Summer Bounty Sandwiches

Summer Bounty Sandwiches for One

There’s no easy way to get to Cooperstown. The road from New York City into the rural sleepiness of Central New York is long and winding, leading you through the suburban coldness of Albany and then along miles and miles of nothing but gas stations, crooked barns, antique shacks, and horizon. After nearly four hours in the car, your legs having frozen into a 90-degree angle, you turn onto Route 80 and you can finally spy glimpses of the Otsego Lake as it smiles at you through the trees and in between lake houses, its current pointing the way to Main Street. When you finally reach Cooperstown, you take a left at the only streetlight on Main Street. There, hanging high over the street, a banner announces to you that the Farmers Market is now open for the summer. And you know that the journey was well worth it.

For five years I worked for the Glimmerglass Festival, an opera company in Cooperstown, New York. My first week up there every summer, I couldn’t wait to get the Farmers’ Market. It was like a homecoming, and indeed, the Farmers’ Market was like a second home. Every Tuesday and Saturday for the 11 weeks I was up there, I’d drive 20 minutes into town, watching as the corn grew higher with every passing week, to replenish my weekly treasure of fresh, local and ultra-seasonal produce.
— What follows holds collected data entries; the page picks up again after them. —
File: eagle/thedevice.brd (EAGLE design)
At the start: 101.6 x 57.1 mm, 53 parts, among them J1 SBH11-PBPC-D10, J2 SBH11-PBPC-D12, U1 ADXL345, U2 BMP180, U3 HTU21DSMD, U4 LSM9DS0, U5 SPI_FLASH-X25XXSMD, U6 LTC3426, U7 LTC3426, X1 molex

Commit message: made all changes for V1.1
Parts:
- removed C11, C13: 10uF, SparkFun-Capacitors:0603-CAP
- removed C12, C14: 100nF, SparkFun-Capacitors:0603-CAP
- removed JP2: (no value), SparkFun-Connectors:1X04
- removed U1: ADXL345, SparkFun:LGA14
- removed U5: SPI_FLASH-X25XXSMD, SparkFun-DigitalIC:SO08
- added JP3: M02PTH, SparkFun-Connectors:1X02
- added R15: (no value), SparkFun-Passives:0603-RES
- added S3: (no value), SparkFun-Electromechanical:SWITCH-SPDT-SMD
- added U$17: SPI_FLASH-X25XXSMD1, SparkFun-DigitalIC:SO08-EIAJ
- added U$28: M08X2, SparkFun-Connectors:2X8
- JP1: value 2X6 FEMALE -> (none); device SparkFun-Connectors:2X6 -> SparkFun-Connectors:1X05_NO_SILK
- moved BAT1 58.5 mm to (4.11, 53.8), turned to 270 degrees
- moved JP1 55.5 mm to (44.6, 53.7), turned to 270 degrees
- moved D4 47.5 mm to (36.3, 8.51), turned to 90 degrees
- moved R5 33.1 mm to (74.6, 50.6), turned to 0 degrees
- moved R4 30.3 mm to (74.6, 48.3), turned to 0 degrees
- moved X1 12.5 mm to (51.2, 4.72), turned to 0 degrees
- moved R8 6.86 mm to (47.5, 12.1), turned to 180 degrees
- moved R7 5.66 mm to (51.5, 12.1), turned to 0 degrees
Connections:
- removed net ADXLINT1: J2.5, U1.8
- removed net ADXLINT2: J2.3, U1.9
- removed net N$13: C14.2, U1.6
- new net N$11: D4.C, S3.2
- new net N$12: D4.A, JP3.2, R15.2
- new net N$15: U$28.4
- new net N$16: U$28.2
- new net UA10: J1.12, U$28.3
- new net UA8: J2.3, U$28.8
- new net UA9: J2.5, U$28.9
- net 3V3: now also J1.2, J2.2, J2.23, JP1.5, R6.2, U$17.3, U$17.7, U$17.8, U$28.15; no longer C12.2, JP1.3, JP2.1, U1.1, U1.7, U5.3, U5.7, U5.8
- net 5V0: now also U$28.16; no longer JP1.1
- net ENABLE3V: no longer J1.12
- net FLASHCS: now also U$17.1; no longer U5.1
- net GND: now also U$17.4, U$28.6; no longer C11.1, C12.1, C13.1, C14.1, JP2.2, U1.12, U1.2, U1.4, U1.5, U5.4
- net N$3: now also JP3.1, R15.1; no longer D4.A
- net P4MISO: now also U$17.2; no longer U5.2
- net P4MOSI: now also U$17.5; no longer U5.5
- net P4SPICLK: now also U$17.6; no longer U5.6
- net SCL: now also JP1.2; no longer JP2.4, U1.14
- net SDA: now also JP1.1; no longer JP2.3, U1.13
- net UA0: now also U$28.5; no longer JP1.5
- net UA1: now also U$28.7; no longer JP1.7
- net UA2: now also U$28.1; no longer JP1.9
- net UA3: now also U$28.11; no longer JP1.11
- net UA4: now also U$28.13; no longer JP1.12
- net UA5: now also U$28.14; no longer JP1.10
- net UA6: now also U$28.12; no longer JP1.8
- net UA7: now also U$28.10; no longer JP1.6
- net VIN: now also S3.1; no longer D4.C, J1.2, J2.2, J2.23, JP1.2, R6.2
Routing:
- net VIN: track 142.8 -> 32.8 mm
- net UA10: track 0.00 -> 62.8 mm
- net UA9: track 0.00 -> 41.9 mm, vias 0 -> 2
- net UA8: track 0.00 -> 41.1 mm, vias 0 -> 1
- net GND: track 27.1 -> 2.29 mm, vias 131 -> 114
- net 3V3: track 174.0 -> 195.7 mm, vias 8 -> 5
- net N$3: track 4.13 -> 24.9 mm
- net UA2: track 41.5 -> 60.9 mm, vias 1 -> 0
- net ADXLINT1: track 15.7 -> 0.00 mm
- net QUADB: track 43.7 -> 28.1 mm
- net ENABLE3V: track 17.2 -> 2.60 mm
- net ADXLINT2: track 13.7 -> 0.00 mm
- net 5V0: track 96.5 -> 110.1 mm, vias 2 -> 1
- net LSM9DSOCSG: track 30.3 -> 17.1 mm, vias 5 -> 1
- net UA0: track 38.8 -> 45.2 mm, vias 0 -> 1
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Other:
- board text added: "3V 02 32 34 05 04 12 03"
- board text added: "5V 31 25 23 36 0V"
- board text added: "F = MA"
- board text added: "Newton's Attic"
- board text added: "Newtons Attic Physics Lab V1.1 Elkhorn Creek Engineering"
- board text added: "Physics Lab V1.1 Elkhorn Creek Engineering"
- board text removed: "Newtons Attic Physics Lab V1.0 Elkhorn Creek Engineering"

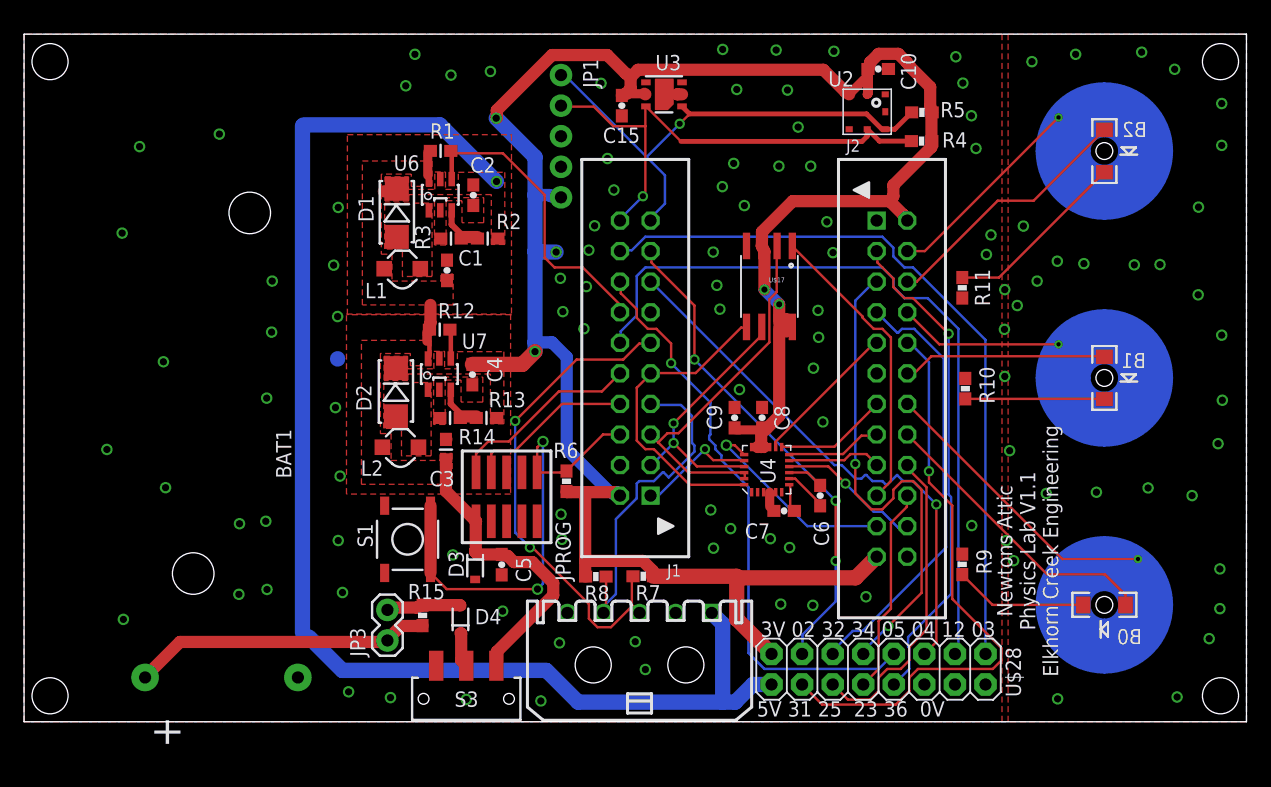
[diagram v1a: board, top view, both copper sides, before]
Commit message: Made all V1.2 changes except newtons laws
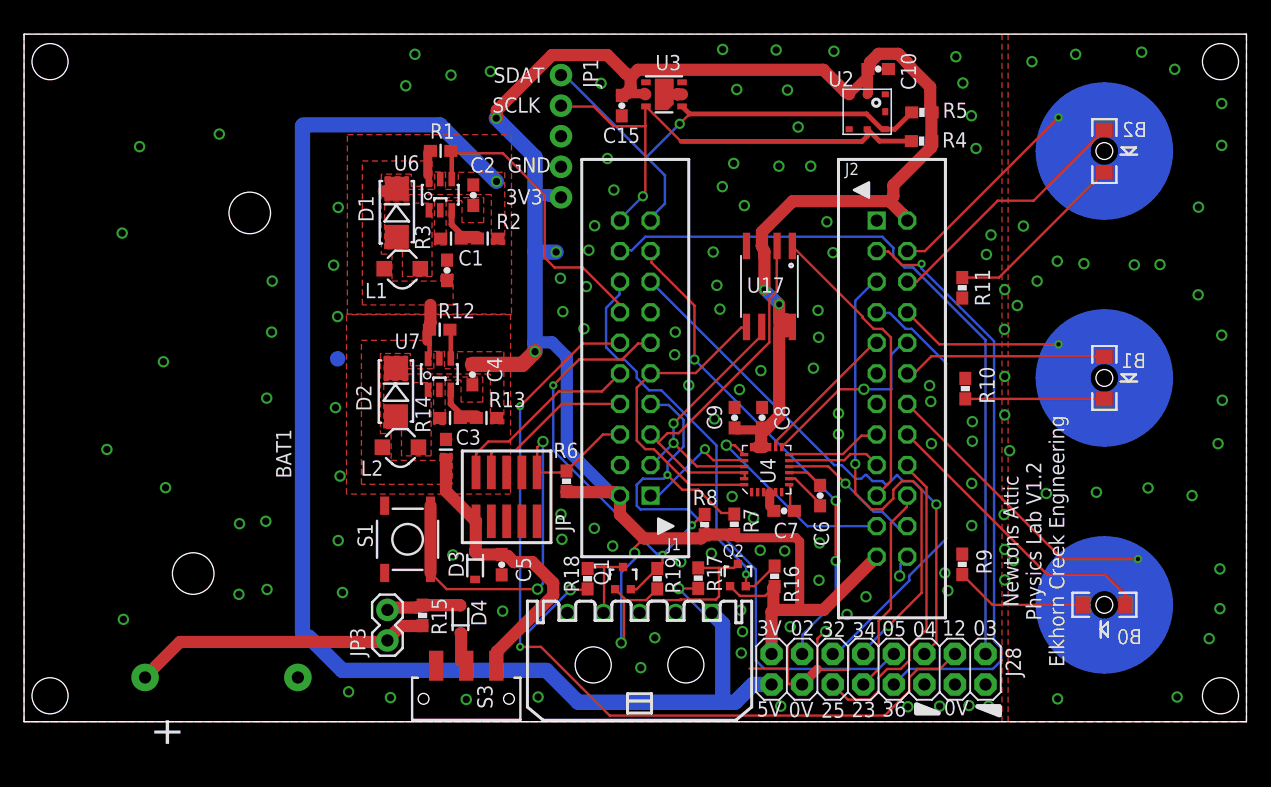
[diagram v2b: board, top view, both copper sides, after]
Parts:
- added Q1, Q2: MOSFET-NCHANNEL2N7002PW, SparkFun-DiscreteSemi:SOT323
- added R16, R17, R18, R19: 10k, SparkFun-Resistors:0603-RES
- moved R8 10.0 mm to (56.6, 16.4), turned to 270 degrees
- moved R7 8.71 mm to (59.0, 16.4), turned to 270 degrees
- renumbered JPROG to JP, U$17 to U17, U$28 to J28
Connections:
- removed net N$15: J28.4
- removed net N$16: J28.2
- removed net UA5: J2.10, J28.14
- new net N$14: Q2.3, R17.1, X1.P$3
- new net N$19: Q1.3, R18.1, X1.P$4
- net 3V3: now also Q1.1, Q2.1, R16.2, R19.2
- net 5V0: now also R17.2, R18.2
- net GND: now also J28.14, J28.2, J28.4
- net LSMINT1: now also J2.10; no longer J2.13
- net QUADA: now also Q1.2, R19.1, R8.1; no longer R7.1, X1.P$3
- net QUADB: now also Q2.2, R16.1, R7.1; no longer R8.1, X1.P$4
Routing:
- net UA5: track 49.2 -> 0.00 mm, vias 1 -> 0
- net 3V3: track 195.7 -> 216.8 mm, vias 5 -> 7
- net GND: track 2.29 -> 21.6 mm, vias 114 -> 145
- net 5V0: track 110.1 -> 124.9 mm, vias 1 -> 3
- net N$14: track 0.00 -> 13.0 mm
- net UA10: track 62.8 -> 71.8 mm, vias 0 -> 2
- net UA8: track 41.1 -> 49.7 mm
- net QUADB: track 28.1 -> 35.8 mm, vias 0 -> 2
- net N$19: track 0.00 -> 6.84 mm
- net LSMINT1: track 9.39 -> 15.7 mm, vias 0 -> 1
- net QUADA: track 41.1 -> 36.9 mm, vias 2 -> 3
- net UA1: track 48.9 -> 50.3 mm, vias 1 -> 0
- net UA3: track 36.4 -> 35.8 mm
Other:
- board text added: "02"
- board text added: "03"
- board text added: "04"
- board text added: "05"
- board text added: "0V"
- board text added: "12"
- board text added: "23"
- board text added: "25"
- board text added: "32"
- board text added: "34"
- board text added: "36"
- board text added: "3V"
- board text added: "3V3"
- board text added: "5V"
- board text added: "GND"
- board text added: "Newtons Attic Physics Lab V1.2 Elkhorn Creek Engineering"
- board text added: "Physics Lab V1.2 Elkhorn Creek Engineering"
- board text added: "SCLK"
- board text added: "SDAT"
- board text removed: "3V 02 32 34 05 04 12 03"
- board text removed: "5V 31 25 23 36 0V"
- board text removed: "Newton's Attic"
- board text removed: "Newtons Attic Physics Lab V1.1 Elkhorn Creek Engineering"
- board text removed: "Physics Lab V1.1 Elkhorn Creek Engineering"

In early June and July, I coveted bouquets of bright green garlic scapes, handfuls of thorny Kirby cucumbers and quarts of precious gem-like strawberries. In the thick of July, I snacked relentlessly between rehearsals on pints of fresh-picked blueberries and found any excuse to add delicate leaves of sorrel to farm-fresh eggs and grits creamy with white New York cheddar. Everything tasted of sun, dirt and the pure summer rain.

But all this was mere preparation for that first Saturday in August when the farmers’ tables and crates would overflow with eggplant and tomatoes. Sometimes, I would just wander from farmer to farmer, admiring the different shades of shapes of eggplant presented to me, as if I were browsing for jewelry at Tiffany’s. Nothing could have made me happier than the specks of dry dirt that covered the round, red tomatoes. That told me that they had never seen a day in a greenhouse and were bursting with the flavor of summer. I’d buy as many eggplant and tomatoes as I could each visit, knowing that before long, the days would shorten into September, and the bounty would become a memory.

One summer, the company assigned me my own apartment, which meant I had my own kitchen. My most frequent dinner guests were Ottolenghi’s Jerusalem, Caroline Eden’s Samarkand and Rawia Bishara’s Olives, Lemons & Za’atar, which I read while eating my dinner in joyful solitude. Their voices, and recipes, echoed in my head all summer, guiding me toward bolder flavors and new methods. Eager to put my purple and red bounty to use, but needing a recipe that could be made quickly during rehearsal breaks and saved for later meals, I came up with simple, unbelievably satisfying summer sandwiches inspired by the Levantine and Caucasian flavors of my dinner guests.

I roasted slices of eggplant until they were as soft as pillows, then sliced the tomatoes, who had ripened into their truest, most authentic selves. I slathered slices of whole wheat bread with a garlicky yogurt sauce, which I’d dyed emerald green with dill. I quickly chopped and pickled fresh cucumbers and jalapeños in vinegar, and while they were still warm from the stove, began assembling the sandwiches. Bread, yogurt, pickles, eggplant, tomato, yogurt, bread. Repeat. If I could control myself, I’d eat two sandwiches for dinner, and save the rest for the week to come. Often, I couldn’t control myself, savoring each sandwich until there was nothing on the plate put dots of yogurt and flecks dill, and the retreating sun would tell me it was time for rehearsal.